I do wonder if any organisation called “World Public Opinion” should be taken seriously at all!

But the hilarious part is that the authors of the study themselves are misinformed.  For instance, their first question is this “is it your impression that most economists who have studied it estimate that the stimulus legislation: A) created or saved several million jobs, B) saved or created a few jobs, or C) caused job losses.”  The first option is marked as correct.

In other words, they picked something highly contentious and found an angle to make it sound objective. The stimulus has been a massive disaster, bringing massive debts while unemployment is higher than anyone thought possible. The only way that they’ve been able to claim it’s success is the “or saved” weasel words. What this has meant in many cases is that anyone who gets stimulus funding puts down all their employees as “saved”.

Here’s the questions that “tripped” Fox news viewers:

There were however a number of cases where greater exposure to a news source increased misinformation on a specific issue.
Those who watched Fox News almost daily were significantly more likely than those who never watched it to believe that:

  1. most economists estimate the stimulus caused job losses (12 points more likely)
  2. most economists have estimated the health care law will worsen the deficit (31 points)
  3. the economy is getting worse (26 points)
  4. most scientists do not agree that climate change is occurring (30 points)
  5. the stimulus legislation did not include any tax cuts (14 points)
  6. their own income taxes have gone up (14 points)
  7. the auto bailout only occurred under Obama (13 points)
  8. when TARP came up for a vote most Republicans opposed it (12 points)
  9. and that it is not clear that Obama was born in the United States (31 points)

Of those, the first three are clearly based on contentious political viewpoints.

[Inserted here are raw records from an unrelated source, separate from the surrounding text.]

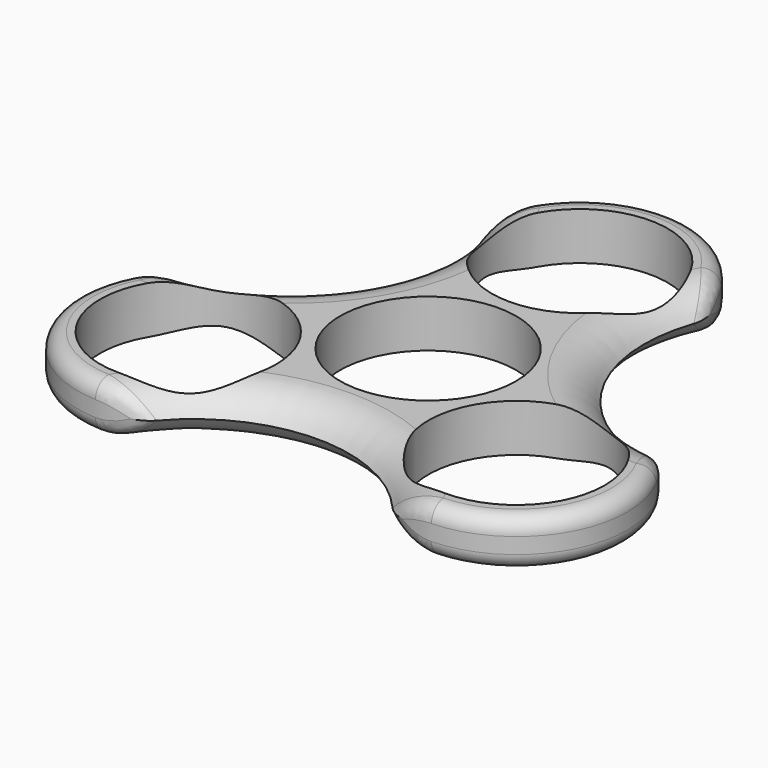
from build123d import *

# Parameters (mm, degrees)
F0_R         = 11.1
F1_DEPTH     = 6
F2_T2_ANGLE  = 184.5261330698
F2_T4_ANGLE  = 184.5261330698
F2_T6_ANGLE  = 184.5261330698
F2_T8_ANGLE  = 184.5261330698
F2_T10_ANGLE = 184.5261330698
F2_T12_ANGLE = 184.5261330698
F3_R         = 2


# Not quite as in the source:
# - a fillet or chamfer that OpenCascade refuses, or shapes differently, is made with other operations: its cross-section is extruded or revolved along the edge and cut away or added


with BuildPart() as f1:
    # F0 (on Top) → F1 (new body)
    with BuildSketch(Plane.XY):
        with BuildLine():
            ThreePointArc((27.6881337053, 0.1800560892), (15.7464316887, 9.0728231348), (13.9999690238, 23.8591486059))
            ThreePointArc((13.9999690238, 23.8591486059), (0.014725269, 37.8885913835), (-14, 23.8885991275))
            ThreePointArc((-14, 23.8885991275), (-15.7305111631, 9.100398294), (-27.6626133173, 0.1947545238))
            ThreePointArc((-27.6626133173, 0.1947545238), (-32.8198452862, -18.9315432347), (-13.6881337053, -24.0686552167))
            ThreePointArc((-13.6881337053, -24.0686552167), (-0.0159205256, -18.1732214287), (13.6626442935, -24.0539031297))
            ThreePointArc((13.6626442935, -24.0539031297), (32.8051200172, -18.9570481487), (27.6881337053, 0.1800560892))
        make_face()
        with Locations((-20.6881337053, -11.9442995638)):
            Circle(F0_R, mode=Mode.SUBTRACT)
        with Locations((20.6881337053, -11.9442995638)):
            Circle(F0_R, mode=Mode.SUBTRACT)
        Circle(F0_R, mode=Mode.SUBTRACT)
        with Locations((0, 23.8885991275)):
            Circle(F0_R, mode=Mode.SUBTRACT)
    extrude(amount=F1_DEPTH)

    # F2: fillet of radius 6 on 6 edges, made by hand

    # F2_s1 → F2_t2 (revolve, cut)
    with BuildSketch(Plane(origin=(31.2500144692, 19.7508361122, 0), x_dir=(0, 0, 1), z_dir=(0.8453180661, 0.5342633874, 0))):
        with BuildLine():
            ThreePointArc((0, 20.3116893746), (4.2426406871, 22.0690486875), (6, 26.3116893746))
            Line((6, 26.3116893746), (6, 20.3116893746))
            Line((6, 20.3116893746), (0, 20.3116893746))
        make_face()
    revolve(axis=Axis((32.0442915262, 18.4941212379, 6), (0, 0, -1)), revolution_arc=F2_T2_ANGLE, mode=Mode.SUBTRACT)

    # F2_s3 → F2_t4 (revolve, cut)
    with BuildSketch(Plane(origin=(31.2500144692, 19.7508361122, 0), x_dir=(0, 0, 1), z_dir=(0.8453180661, 0.5342633874, 0))):
        with BuildLine():
            ThreePointArc((6, 20.3116893746), (1.7573593129, 22.0690486875), (0, 26.3116893746))
            Line((0, 26.3116893746), (0, 20.3116893746))
            Line((0, 20.3116893746), (6, 20.3116893746))
        make_face()
    revolve(axis=Axis((32.0442915262, 18.4941212379, 0), (0, 0, -1)), revolution_arc=F2_T4_ANGLE, mode=Mode.SUBTRACT)

    # F2_s5 → F2_t6 (revolve, cut)
    with BuildSketch(Plane(origin=(1.4797185845, -36.9387244551, 0), x_dir=(0, 0, 1), z_dir=(0.0400266327, -0.9991986132, 0))):
        with BuildLine():
            ThreePointArc((0, 20.3116893746), (4.2426406871, 22.0690486875), (6, 26.3116893746))
            Line((6, 26.3116893746), (6, 20.3116893746))
            Line((6, 20.3116893746), (0, 20.3116893746))
        make_face()
    revolve(axis=Axis((-0.0057669504, -36.9982311269, 6), (0, 0, -1)), revolution_arc=F2_T6_ANGLE, mode=Mode.SUBTRACT)

    # F2_s7 → F2_t8 (revolve, cut)
    with BuildSketch(Plane(origin=(1.4797185845, -36.9387244551, 0), x_dir=(0, 0, 1), z_dir=(0.0400266327, -0.9991986132, 0))):
        with BuildLine():
            ThreePointArc((6, 20.3116893746), (1.7573593129, 22.0690486875), (0, 26.3116893746))
            Line((0, 26.3116893746), (0, 20.3116893746))
            Line((0, 20.3116893746), (6, 20.3116893746))
        make_face()
    revolve(axis=Axis((-0.0057669504, -36.9982311269, 0), (0, 0, -1)), revolution_arc=F2_T8_ANGLE, mode=Mode.SUBTRACT)

    # F2_s9 → F2_t10 (revolve, cut)
    with BuildSketch(Plane(origin=(-32.7297330538, 17.1878883429, 0), x_dir=(0, 0, 1), z_dir=(-0.8853446988, 0.4649352258, 0))):
        with BuildLine():
            ThreePointArc((0, 20.3116893746), (4.2426406871, 22.0690486875), (6, 26.3116893746))
            Line((6, 26.3116893746), (6, 20.3116893746))
            Line((6, 20.3116893746), (0, 20.3116893746))
        make_face()
    revolve(axis=Axis((-32.0385245758, 18.504109889, 6), (0, 0, -1)), revolution_arc=F2_T10_ANGLE, mode=Mode.SUBTRACT)

    # F2_s11 → F2_t12 (revolve, cut)
    with BuildSketch(Plane(origin=(-32.7297330538, 17.1878883429, 0), x_dir=(0, 0, 1), z_dir=(-0.8853446988, 0.4649352258, 0))):
        with BuildLine():
            ThreePointArc((6, 20.3116893746), (1.7573593129, 22.0690486875), (0, 26.3116893746))
            Line((0, 26.3116893746), (0, 20.3116893746))
            Line((0, 20.3116893746), (6, 20.3116893746))
        make_face()
    revolve(axis=Axis((-32.0385245758, 18.504109889, 0), (0, 0, -1)), revolution_arc=F2_T12_ANGLE, mode=Mode.SUBTRACT)

    # F3
    f3_edges = [f1.edges().sort_by_distance(p)[0] for p in [
        (0.005503, 37.888598, 0),
        (0.005503, 37.888598, 6),
        (32.809737, -18.949065, 0),
        (32.809737, -18.949065, 6),
        (-32.81524, -18.939533, 0),
        (-32.81524, -18.939533, 6),
    ]]
    fillet(f3_edges, radius=F3_R)


solid = f1.part

As a survey question, the 6th is outright stupid. It seems to be saying that people don’t know their own personal finance as well as the survey. The 7th is again dependent on definitions, depending on what you mean by the auto bailout (Bush simply allowed car companies into the Bank bailout scheme).

But this is picking hairs. It doesn’t take a genius to work out that liberals and conservatives are going do disagree on these questions, and that a network that encourages viewpoints not found on other networks would deliver different results.

What is really telling is that the above 9 questions are questions that Republicans were clearly more likely to take an opposite position to the survey’s “factual” one. It doesn’t take a megamind to work out that a Republican is going to assume a Democrat has raised taxes, or that more Republicans are suspicious of Obama’s birth regardless of the evidence. Yet there are only 2 listed questions that I can see that are “red flag” to Democrats – that they opposed TARP (they didn’t) and that the US chamber of commerce used foreign money to support Republican candidates. It’s not like there isn’t material – websites being open to foreign donations, “57 states”, links to corrupt politicians, the list is lengthy.

Actually, I’m amazed at the third question on the “Democrats got it wrong” list. How on earth could you be so enamored of Obama so as to miss the widely announced news that he sent a surge of troops to Afghanistan?

To me, it’s the “About Equal” chart on page 17 that seals the deal. You have 3 questions which Democrats were about the same as Republicians, yet 2 of these are clearly designed to catch Republicans.

So we have a survey where “facts” are selected that will clash with one or both political viewpoints, but which heavily skews towards questions that clash with one.